Note the title: _Choose a goal and stand behind it_. This is what I always suggest to people. If you want to add lean mass, then let’s put together a plan and see it through to completion. If you want to reduce bodyfat, then let’s focus our efforts on that goal. That’s not to say we ignore increases in bodyfat on a mass plan, or ignore muscle loss on a cutting plan. Quite the contrary, but more on that later. It’s just that I’ve seen so many people bounce back and forth trying to micro manage both goals simultaneously, that they never really allow enough time for one or the other to take effect… and ultimately wind up looking about the same as when they started out. I should know; I’m one of them. So I say – decide what you really want to do, and then focus your efforts on that goal. Give it a good 90 days before you abandon what you’re doing. Results don't happen overnight. Nor are results linear; you will go through periods of growth spurt, and periods where nothing seems to happen despite your best efforts. It can be frustrating, but when you stick with it and remain consistent, the results will speak for themselves. Note when I say "give it 90 days before you abandon what you're doing", that's with regard to the primary goal. The need for tweaks and minor changes throughout are common and to be expected. 

*What is lean bulking?*

Lean bulking can be defined as the effort put forth to add as much lean mass (i.e. muscle) as possible with as little change to bodyfat as possible. Very few people can add mass without adding _some_ bodyfat. A bit of added bodyfat should be expected, but that doesn’t mean you have to get sloppy and out of shape (see traditional bulking). Most guys will have a predetermined bodyfat percentage number threshold in mind at the onset of a lean bulk. e.g. if I start my lean bulk at 10% bodyfat, I’ll allow myself to get as high as 13% before pulling back and making some revamps to get things back in check. 

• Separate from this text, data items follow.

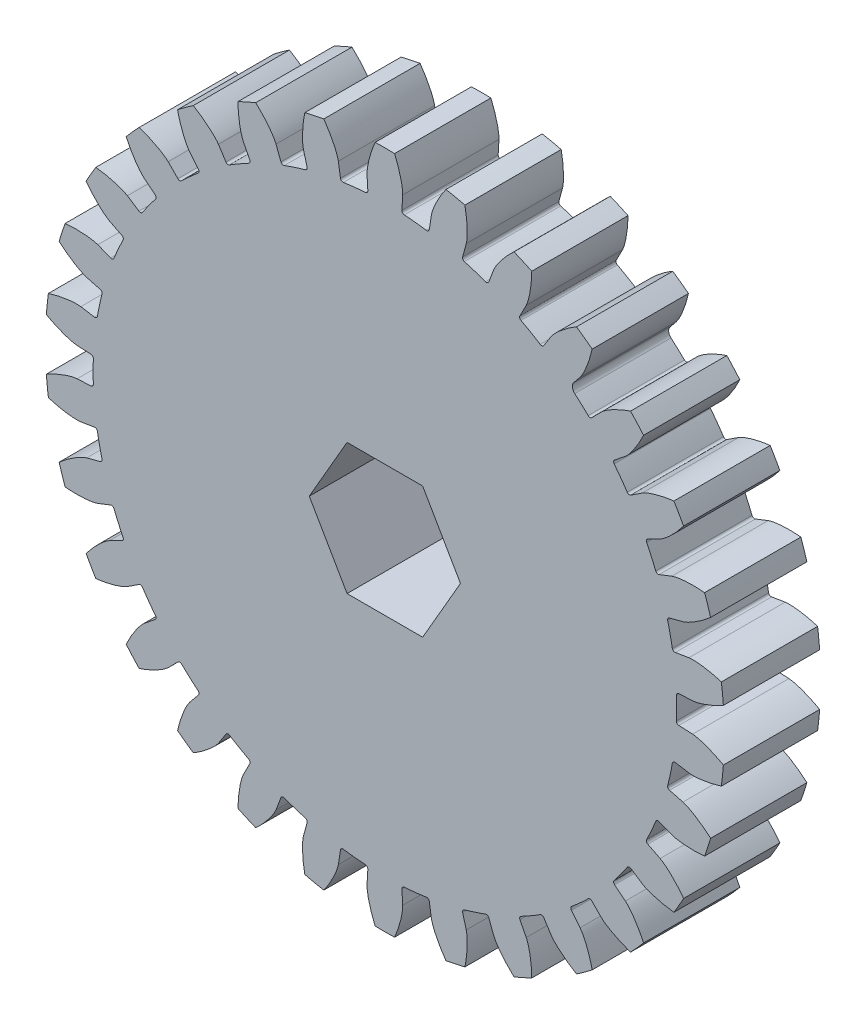
from build123d import *

# Parameters (mm, degrees)
BOSS_EXTRUDE2_DEPTH = 9.525
CUT_EXTRUDE1_DEPTH  = 10.525
CIRPATTERN1_COUNT   = 30
FILLET1_R           = 0.656191159
FILLET2_R           = 0.254
FILLET3_R           = 0.254
SKETCH2_R           = 3.175
CUT_EXTRUDE2_DEPTH  = 2.54
SKETCH3_R           = 3.175
BOSS_EXTRUDE3_DEPTH = 9.525
CUT_EXTRUDE3_DEPTH  = 10.5250001


with BuildPart() as part:
    # Sketch1 → Boss-Extrude2 (new body)
    with BuildSketch(Plane.XY):
        with BuildLine():
            add(Edge.make_bspline(
                [(30.45124914, 1.426618654), (30.456061858, 1.426891336), (30.469553395, 1.427802063), (30.49503231, 1.430100136), (30.536568161, 1.43466882), (30.589432197, 1.441694058), (30.657689376, 1.452157439), (30.738003128, 1.466263239), (30.826163492, 1.483630667), (30.921963231, 1.504540364), (31.017431444, 1.527183187), (31.112562952, 1.551430634), (31.207232939, 1.57708267), (31.321790383, 1.609926897), (31.458987695, 1.65177289), (31.619093687, 1.704276291), (31.800365602, 1.768064008), (31.984767175, 1.837616216), (32.165929064, 1.909788843), (32.348624865, 1.987009098), (32.525148346, 2.06476986), (32.708139717, 2.149952723), (32.876864677, 2.230823601), (33.065486053, 2.326321095), (33.217584866, 2.404815536), (33.374352642, 2.489986603), (33.450600871, 2.532043297), (33.489546581, 2.553791229)],
                knots=[0, 0, 0, 0, 0, 0.005376749, 0.015083688, 0.02853182, 0.04661014, 0.064854849, 0.092110526, 0.119476176, 0.146842496, 0.174208854, 0.201574956, 0.228941013, 0.256307345, 0.307035032, 0.361767352, 0.416499661, 0.471231937, 0.525964282, 0.580696616, 0.635428982, 0.690161387, 0.744893688, 0.799626082, 0.854358407, 0.909090914, 0.909090914, 0.909090914, 0.909090914, 0.909090914], degree=4))
            Line((30.45124914, 1.426618654), (28.832012682, 1.350758615))
            ThreePointArc((28.832012682, 1.350758615), (28.863636364, 0), (28.832012682, -1.350758615))
            Line((28.832012682, -1.350758615), (30.45124914, -1.426618654))
            add(Edge.make_bspline(
                [(30.45124914, -1.426618654), (30.456061858, -1.426891336), (30.469553395, -1.427802063), (30.49503231, -1.430100136), (30.536568161, -1.43466882), (30.589432197, -1.441694058), (30.657689376, -1.452157439), (30.738003128, -1.466263239), (30.826163492, -1.483630667), (30.921963231, -1.504540364), (31.017431444, -1.527183187), (31.112562952, -1.551430634), (31.207232939, -1.57708267), (31.321790383, -1.609926897), (31.458987695, -1.65177289), (31.619093687, -1.704276291), (31.800365602, -1.768064008), (31.984767175, -1.837616216), (32.165929064, -1.909788843), (32.348624865, -1.987009098), (32.525148346, -2.06476986), (32.708139717, -2.149952723), (32.876864677, -2.230823601), (33.065486053, -2.326321095), (33.217584866, -2.404815536), (33.374352642, -2.489986603), (33.450600871, -2.532043297), (33.489546581, -2.553791229)],
                knots=[0, 0, 0, 0, 0, 0.005376749, 0.015083688, 0.02853182, 0.04661014, 0.064854849, 0.092110526, 0.119476176, 0.146842496, 0.174208854, 0.201574956, 0.228941013, 0.256307345, 0.307035032, 0.361767352, 0.416499661, 0.471231937, 0.525964282, 0.580696616, 0.635428982, 0.690161387, 0.744893688, 0.799626082, 0.854358407, 0.909090914, 0.909090914, 0.909090914, 0.909090914, 0.909090914], degree=4))
            ThreePointArc((33.489546581, -2.553791229), (33.562460487, -1.277820739), (33.58677686, 0))
            ThreePointArc((33.58677686, 0), (33.562460487, 1.277820739), (33.489546581, 2.553791229))
        make_face()
        with BuildLine():
            Line((28.832012682, 1.350758615), (30.45124914, 1.426618654))
            add(Edge.make_bspline(
                [(30.45124914, 1.426618654), (30.456061858, 1.426891336), (30.469553395, 1.427802063), (30.49503231, 1.430100136), (30.536568161, 1.43466882), (30.589432197, 1.441694058), (30.657689376, 1.452157439), (30.738003128, 1.466263239), (30.826163492, 1.483630667), (30.921963231, 1.504540364), (31.017431444, 1.527183187), (31.112562952, 1.551430634), (31.207232939, 1.57708267), (31.321790383, 1.609926897), (31.458987695, 1.65177289), (31.619093687, 1.704276291), (31.800365602, 1.768064008), (31.984767175, 1.837616216), (32.165929064, 1.909788843), (32.348624865, 1.987009098), (32.525148346, 2.06476986), (32.708139717, 2.149952723), (32.876864677, 2.230823601), (33.065486053, 2.326321095), (33.217584866, 2.404815536), (33.374352642, 2.489986603), (33.450600871, 2.532043297), (33.489546581, 2.553791229)],
                knots=[0, 0, 0, 0, 0, 0.005376749, 0.015083688, 0.02853182, 0.04661014, 0.064854849, 0.092110526, 0.119476176, 0.146842496, 0.174208854, 0.201574956, 0.228941013, 0.256307345, 0.307035032, 0.361767352, 0.416499661, 0.471231937, 0.525964282, 0.580696616, 0.635428982, 0.690161387, 0.744893688, 0.799626082, 0.854358407, 0.909090914, 0.909090914, 0.909090914, 0.909090914, 0.909090914], degree=4))
            ThreePointArc((33.489546581, 2.553791229), (-33.58677686, 0), (33.489546581, -2.553791229))
            add(Edge.make_bspline(
                [(30.45124914, -1.426618654), (30.456061858, -1.426891336), (30.469553395, -1.427802063), (30.49503231, -1.430100136), (30.536568161, -1.43466882), (30.589432197, -1.441694058), (30.657689376, -1.452157439), (30.738003128, -1.466263239), (30.826163492, -1.483630667), (30.921963231, -1.504540364), (31.017431444, -1.527183187), (31.112562952, -1.551430634), (31.207232939, -1.57708267), (31.321790383, -1.609926897), (31.458987695, -1.65177289), (31.619093687, -1.704276291), (31.800365602, -1.768064008), (31.984767175, -1.837616216), (32.165929064, -1.909788843), (32.348624865, -1.987009098), (32.525148346, -2.06476986), (32.708139717, -2.149952723), (32.876864677, -2.230823601), (33.065486053, -2.326321095), (33.217584866, -2.404815536), (33.374352642, -2.489986603), (33.450600871, -2.532043297), (33.489546581, -2.553791229)],
                knots=[0, 0, 0, 0, 0, 0.005376749, 0.015083688, 0.02853182, 0.04661014, 0.064854849, 0.092110526, 0.119476176, 0.146842496, 0.174208854, 0.201574956, 0.228941013, 0.256307345, 0.307035032, 0.361767352, 0.416499661, 0.471231937, 0.525964282, 0.580696616, 0.635428982, 0.690161387, 0.744893688, 0.799626082, 0.854358407, 0.909090914, 0.909090914, 0.909090914, 0.909090914, 0.909090914], degree=4))
            Line((30.45124914, -1.426618654), (28.832012682, -1.350758615))
            ThreePointArc((28.832012682, -1.350758615), (28.863636364, 0), (28.832012682, 1.350758615))
        make_face()
        with BuildLine():
            add(Edge.make_bspline(
                [(30.45124914, 1.426618654), (30.456061858, 1.426891336), (30.469553395, 1.427802063), (30.49503231, 1.430100136), (30.536568161, 1.43466882), (30.589432197, 1.441694058), (30.657689376, 1.452157439), (30.738003128, 1.466263239), (30.826163492, 1.483630667), (30.921963231, 1.504540364), (31.017431444, 1.527183187), (31.112562952, 1.551430634), (31.207232939, 1.57708267), (31.321790383, 1.609926897), (31.458987695, 1.65177289), (31.619093687, 1.704276291), (31.800365602, 1.768064008), (31.984767175, 1.837616216), (32.165929064, 1.909788843), (32.348624865, 1.987009098), (32.525148346, 2.06476986), (32.708139717, 2.149952723), (32.876864677, 2.230823601), (33.065486053, 2.326321095), (33.217584866, 2.404815536), (33.374352642, 2.489986603), (33.450600871, 2.532043297), (33.489546581, 2.553791229)],
                knots=[0, 0, 0, 0, 0, 0.005376749, 0.015083688, 0.02853182, 0.04661014, 0.064854849, 0.092110526, 0.119476176, 0.146842496, 0.174208854, 0.201574956, 0.228941013, 0.256307345, 0.307035032, 0.361767352, 0.416499661, 0.471231937, 0.525964282, 0.580696616, 0.635428982, 0.690161387, 0.744893688, 0.799626082, 0.854358407, 0.909090914, 0.909090914, 0.909090914, 0.909090914, 0.909090914], degree=4))
            Line((30.45124914, 1.426618654), (28.832012682, 1.350758615))
            ThreePointArc((28.832012682, 1.350758615), (28.863636364, 0), (28.832012682, -1.350758615))
            Line((28.832012682, -1.350758615), (30.45124914, -1.426618654))
            add(Edge.make_bspline(
                [(30.45124914, -1.426618654), (30.456061858, -1.426891336), (30.469553395, -1.427802063), (30.49503231, -1.430100136), (30.536568161, -1.43466882), (30.589432197, -1.441694058), (30.657689376, -1.452157439), (30.738003128, -1.466263239), (30.826163492, -1.483630667), (30.921963231, -1.504540364), (31.017431444, -1.527183187), (31.112562952, -1.551430634), (31.207232939, -1.57708267), (31.321790383, -1.609926897), (31.458987695, -1.65177289), (31.619093687, -1.704276291), (31.800365602, -1.768064008), (31.984767175, -1.837616216), (32.165929064, -1.909788843), (32.348624865, -1.987009098), (32.525148346, -2.06476986), (32.708139717, -2.149952723), (32.876864677, -2.230823601), (33.065486053, -2.326321095), (33.217584866, -2.404815536), (33.374352642, -2.489986603), (33.450600871, -2.532043297), (33.489546581, -2.553791229)],
                knots=[0, 0, 0, 0, 0, 0.005376749, 0.015083688, 0.02853182, 0.04661014, 0.064854849, 0.092110526, 0.119476176, 0.146842496, 0.174208854, 0.201574956, 0.228941013, 0.256307345, 0.307035032, 0.361767352, 0.416499661, 0.471231937, 0.525964282, 0.580696616, 0.635428982, 0.690161387, 0.744893688, 0.799626082, 0.854358407, 0.909090914, 0.909090914, 0.909090914, 0.909090914, 0.909090914], degree=4))
            ThreePointArc((33.489546581, -2.553791229), (33.562460487, -1.277820739), (33.58677686, 0))
            ThreePointArc((33.58677686, 0), (33.562460487, 1.277820739), (33.489546581, 2.553791229))
        make_face()
        with BuildLine():
            Line((28.832012682, 1.350758615), (30.45124914, 1.426618654))
            add(Edge.make_bspline(
                [(30.45124914, 1.426618654), (30.456061858, 1.426891336), (30.469553395, 1.427802063), (30.49503231, 1.430100136), (30.536568161, 1.43466882), (30.589432197, 1.441694058), (30.657689376, 1.452157439), (30.738003128, 1.466263239), (30.826163492, 1.483630667), (30.921963231, 1.504540364), (31.017431444, 1.527183187), (31.112562952, 1.551430634), (31.207232939, 1.57708267), (31.321790383, 1.609926897), (31.458987695, 1.65177289), (31.619093687, 1.704276291), (31.800365602, 1.768064008), (31.984767175, 1.837616216), (32.165929064, 1.909788843), (32.348624865, 1.987009098), (32.525148346, 2.06476986), (32.708139717, 2.149952723), (32.876864677, 2.230823601), (33.065486053, 2.326321095), (33.217584866, 2.404815536), (33.374352642, 2.489986603), (33.450600871, 2.532043297), (33.489546581, 2.553791229)],
                knots=[0, 0, 0, 0, 0, 0.005376749, 0.015083688, 0.02853182, 0.04661014, 0.064854849, 0.092110526, 0.119476176, 0.146842496, 0.174208854, 0.201574956, 0.228941013, 0.256307345, 0.307035032, 0.361767352, 0.416499661, 0.471231937, 0.525964282, 0.580696616, 0.635428982, 0.690161387, 0.744893688, 0.799626082, 0.854358407, 0.909090914, 0.909090914, 0.909090914, 0.909090914, 0.909090914], degree=4))
            ThreePointArc((33.489546581, 2.553791229), (-33.58677686, 0), (33.489546581, -2.553791229))
            add(Edge.make_bspline(
                [(30.45124914, -1.426618654), (30.456061858, -1.426891336), (30.469553395, -1.427802063), (30.49503231, -1.430100136), (30.536568161, -1.43466882), (30.589432197, -1.441694058), (30.657689376, -1.452157439), (30.738003128, -1.466263239), (30.826163492, -1.483630667), (30.921963231, -1.504540364), (31.017431444, -1.527183187), (31.112562952, -1.551430634), (31.207232939, -1.57708267), (31.321790383, -1.609926897), (31.458987695, -1.65177289), (31.619093687, -1.704276291), (31.800365602, -1.768064008), (31.984767175, -1.837616216), (32.165929064, -1.909788843), (32.348624865, -1.987009098), (32.525148346, -2.06476986), (32.708139717, -2.149952723), (32.876864677, -2.230823601), (33.065486053, -2.326321095), (33.217584866, -2.404815536), (33.374352642, -2.489986603), (33.450600871, -2.532043297), (33.489546581, -2.553791229)],
                knots=[0, 0, 0, 0, 0, 0.005376749, 0.015083688, 0.02853182, 0.04661014, 0.064854849, 0.092110526, 0.119476176, 0.146842496, 0.174208854, 0.201574956, 0.228941013, 0.256307345, 0.307035032, 0.361767352, 0.416499661, 0.471231937, 0.525964282, 0.580696616, 0.635428982, 0.690161387, 0.744893688, 0.799626082, 0.854358407, 0.909090914, 0.909090914, 0.909090914, 0.909090914, 0.909090914], degree=4))
            Line((30.45124914, -1.426618654), (28.832012682, -1.350758615))
            ThreePointArc((28.832012682, -1.350758615), (28.863636364, 0), (28.832012682, 1.350758615))
        make_face()
    extrude(amount=BOSS_EXTRUDE2_DEPTH)

    # Sketch1_5 → Cut-Extrude1 (cut, through all)
    with BuildSketch(Plane.XY):
        with BuildLine():
            add(Edge.make_bspline(
                [(30.45124914, 1.426618654), (30.456061858, 1.426891336), (30.469553395, 1.427802063), (30.49503231, 1.430100136), (30.536568161, 1.43466882), (30.589432197, 1.441694058), (30.657689376, 1.452157439), (30.738003128, 1.466263239), (30.826163492, 1.483630667), (30.921963231, 1.504540364), (31.017431444, 1.527183187), (31.112562952, 1.551430634), (31.207232939, 1.57708267), (31.321790383, 1.609926897), (31.458987695, 1.65177289), (31.619093687, 1.704276291), (31.800365602, 1.768064008), (31.984767175, 1.837616216), (32.165929064, 1.909788843), (32.348624865, 1.987009098), (32.525148346, 2.06476986), (32.708139717, 2.149952723), (32.876864677, 2.230823601), (33.065486053, 2.326321095), (33.217584866, 2.404815536), (33.374352642, 2.489986603), (33.450600871, 2.532043297), (33.489546581, 2.553791229)],
                knots=[0, 0, 0, 0, 0, 0.005376749, 0.015083688, 0.02853182, 0.04661014, 0.064854849, 0.092110526, 0.119476176, 0.146842496, 0.174208854, 0.201574956, 0.228941013, 0.256307345, 0.307035032, 0.361767352, 0.416499661, 0.471231937, 0.525964282, 0.580696616, 0.635428982, 0.690161387, 0.744893688, 0.799626082, 0.854358407, 0.909090914, 0.909090914, 0.909090914, 0.909090914, 0.909090914], degree=4))
            Line((30.45124914, 1.426618654), (28.832012682, 1.350758615))
            ThreePointArc((28.832012682, 1.350758615), (28.863636364, 0), (28.832012682, -1.350758615))
            Line((28.832012682, -1.350758615), (30.45124914, -1.426618654))
            add(Edge.make_bspline(
                [(30.45124914, -1.426618654), (30.456061858, -1.426891336), (30.469553395, -1.427802063), (30.49503231, -1.430100136), (30.536568161, -1.43466882), (30.589432197, -1.441694058), (30.657689376, -1.452157439), (30.738003128, -1.466263239), (30.826163492, -1.483630667), (30.921963231, -1.504540364), (31.017431444, -1.527183187), (31.112562952, -1.551430634), (31.207232939, -1.57708267), (31.321790383, -1.609926897), (31.458987695, -1.65177289), (31.619093687, -1.704276291), (31.800365602, -1.768064008), (31.984767175, -1.837616216), (32.165929064, -1.909788843), (32.348624865, -1.987009098), (32.525148346, -2.06476986), (32.708139717, -2.149952723), (32.876864677, -2.230823601), (33.065486053, -2.326321095), (33.217584866, -2.404815536), (33.374352642, -2.489986603), (33.450600871, -2.532043297), (33.489546581, -2.553791229)],
                knots=[0, 0, 0, 0, 0, 0.005376749, 0.015083688, 0.02853182, 0.04661014, 0.064854849, 0.092110526, 0.119476176, 0.146842496, 0.174208854, 0.201574956, 0.228941013, 0.256307345, 0.307035032, 0.361767352, 0.416499661, 0.471231937, 0.525964282, 0.580696616, 0.635428982, 0.690161387, 0.744893688, 0.799626082, 0.854358407, 0.909090914, 0.909090914, 0.909090914, 0.909090914, 0.909090914], degree=4))
            ThreePointArc((33.489546581, -2.553791229), (33.562460487, -1.277820739), (33.58677686, 0))
            ThreePointArc((33.58677686, 0), (33.562460487, 1.277820739), (33.489546581, 2.553791229))
        make_face()
    cut_extrude1 = extrude(amount=CUT_EXTRUDE1_DEPTH, mode=Mode.SUBTRACT)

    # CirPattern1: Cut-Extrude1 ×30 about axis
    cirpattern1_axis = Axis((0, 0, 9.525), (0, 0, -1))
    for i in range(1, CIRPATTERN1_COUNT):
        add(cut_extrude1.rotate(cirpattern1_axis, i * 360 / CIRPATTERN1_COUNT), mode=Mode.SUBTRACT)

    # Fillet1
    fillet1_edges = [part.edges().sort_by_distance(p)[0] for p in [
        (18.288572853, 22.330194964, 4.7625),
    ]]
    fillet(fillet1_edges, radius=FILLET1_R)

    # Fillet2
    fillet2_edges = [part.edges().sort_by_distance(p)[0] for p in [
        (15.585797616, 24.293876117, 4.7625),
        (13.246215066, 25.644634732, 4.7625),
        (10.194229684, 27.003466172, 4.7625),
        (7.624934118, 27.838280907, 4.7625),
        (28.832012682, -1.350758615, 4.7625),
        (28.832012682, 1.350758615, 4.7625),
        (4.357124997, 28.532875178, 4.7625),
        (1.67040696, 28.815260622, 4.7625),
        (-1.67040696, 28.815260622, 4.7625),
        (-4.357124997, 28.532875178, 4.7625),
        (-7.624934118, 27.838280907, 4.7625),
        (-10.194229684, 27.003466172, 4.7625),
        (-13.246215066, 25.644634732, 4.7625),
        (-15.585797616, 24.293876117, 4.7625),
        (-18.288572853, 22.330194964, 4.7625),
        (-20.296191404, 20.522527101, 4.7625),
        (-22.531632248, 18.039818523, 4.7625),
        (-24.119544235, 15.854245173, 4.7625),
        (-25.789951196, 12.961015449, 4.7625),
        (-26.888757245, 10.493056654, 4.7625),
        (-27.921125522, 7.315753805, 4.7625),
        (-28.482802537, 4.673271208, 4.7625),
        (-28.832012682, 1.350758615, 4.7625),
        (-28.832012682, -1.350758615, 4.7625),
        (-28.482802537, -4.673271208, 4.7625),
        (-27.921125522, -7.315753805, 4.7625),
        (-26.888757245, -10.493056654, 4.7625),
        (-25.789951196, -12.961015449, 4.7625),
        (28.482802537, 4.673271208, 4.7625),
        (27.921125522, 7.315753805, 4.7625),
        (-24.119544235, -15.854245173, 4.7625),
        (-22.531632248, -18.039818523, 4.7625),
        (-20.296191404, -20.522527101, 4.7625),
        (-18.288572853, -22.330194964, 4.7625),
        (-15.585797616, -24.293876117, 4.7625),
        (-13.246215066, -25.644634732, 4.7625),
        (-10.194229684, -27.003466172, 4.7625),
        (-7.624934118, -27.838280907, 4.7625),
        (-4.357124997, -28.532875178, 4.7625),
        (-1.67040696, -28.815260622, 4.7625),
        (1.67040696, -28.815260622, 4.7625),
        (4.357124997, -28.532875178, 4.7625),
        (26.888757245, 10.493056654, 4.7625),
        (25.789951196, 12.961015449, 4.7625),
        (24.119544235, 15.854245173, 4.7625),
        (22.531632248, 18.039818523, 4.7625),
        (20.296191404, 20.522527101, 4.7625),
    ]]
    fillet(fillet2_edges, radius=FILLET2_R)

    # Fillet3
    fillet3_edges = [part.edges().sort_by_distance(p)[0] for p in [
        (7.624934118, -27.838280907, 4.7625),
        (10.194229684, -27.003466172, 4.7625),
        (13.246215066, -25.644634732, 4.7625),
        (15.585797616, -24.293876117, 4.7625),
        (18.288572853, -22.330194964, 4.7625),
        (20.296191404, -20.522527101, 4.7625),
        (22.531632248, -18.039818523, 4.7625),
        (24.119544235, -15.854245173, 4.7625),
        (25.789951196, -12.961015449, 4.7625),
        (26.888757245, -10.493056654, 4.7625),
        (27.921125522, -7.315753805, 4.7625),
        (28.482802537, -4.673271208, 4.7625),
    ]]
    fillet(fillet3_edges, radius=FILLET3_R)

    # Sketch2 → Cut-Extrude2 (cut)
    with BuildSketch(Plane(origin=(0, 0, 0), x_dir=(-1, 0, 0), z_dir=(0, 0, -1))):
        Circle(SKETCH2_R)
    extrude(amount=-CUT_EXTRUDE2_DEPTH, mode=Mode.SUBTRACT)

    # Sketch3 → Boss-Extrude3 (add)
    with BuildSketch(Plane(origin=(0, 0, 0), x_dir=(-1, 0, 0), z_dir=(0, 0, -1))):
        Circle(SKETCH3_R)
    extrude(amount=-BOSS_EXTRUDE3_DEPTH)

    # Sketch4 → Cut-Extrude3 (cut, through all)
    with BuildSketch(Plane(origin=(0, 0, 0), x_dir=(-1, 0, 0), z_dir=(0, 0, -1))):
        Polygon((3.739497694, 6.477), (-3.739497694, 6.477), (-7.478995387, 0), (-3.739497694, -6.477), (3.739497694, -6.477), (7.478995387, 0), align=None)
    extrude(amount=-CUT_EXTRUDE3_DEPTH, mode=Mode.SUBTRACT)


solid = part.part

I always recommend people start at a relatively low bodyfat percentage to begin with. For me, that’d be < 13%. In my experience, most people starting off higher usually aren’t happy with the end result. Going from 10% to 13% isn’t all that bad for most. 16% to 19% might be. 

*How much do I eat?*

Here starts the great controversy. First, you have to realize that our bodies don’t need a great deal of surplus calories to grow. If you’ve read my posts on this topic before, you’ve probably heard me say “*more is better* doesn’t apply in bodybuilding”. It’s the truth. For most, a few hundred calories over maintenance is all that’s needed. If your body can optimally use 300 additional calories/day to slowly add muscle, feeding it 1000 calories extra/day isn’t necessarily going to speed up that process and build more muscle. What it will do is make you fat (again, see bulking). 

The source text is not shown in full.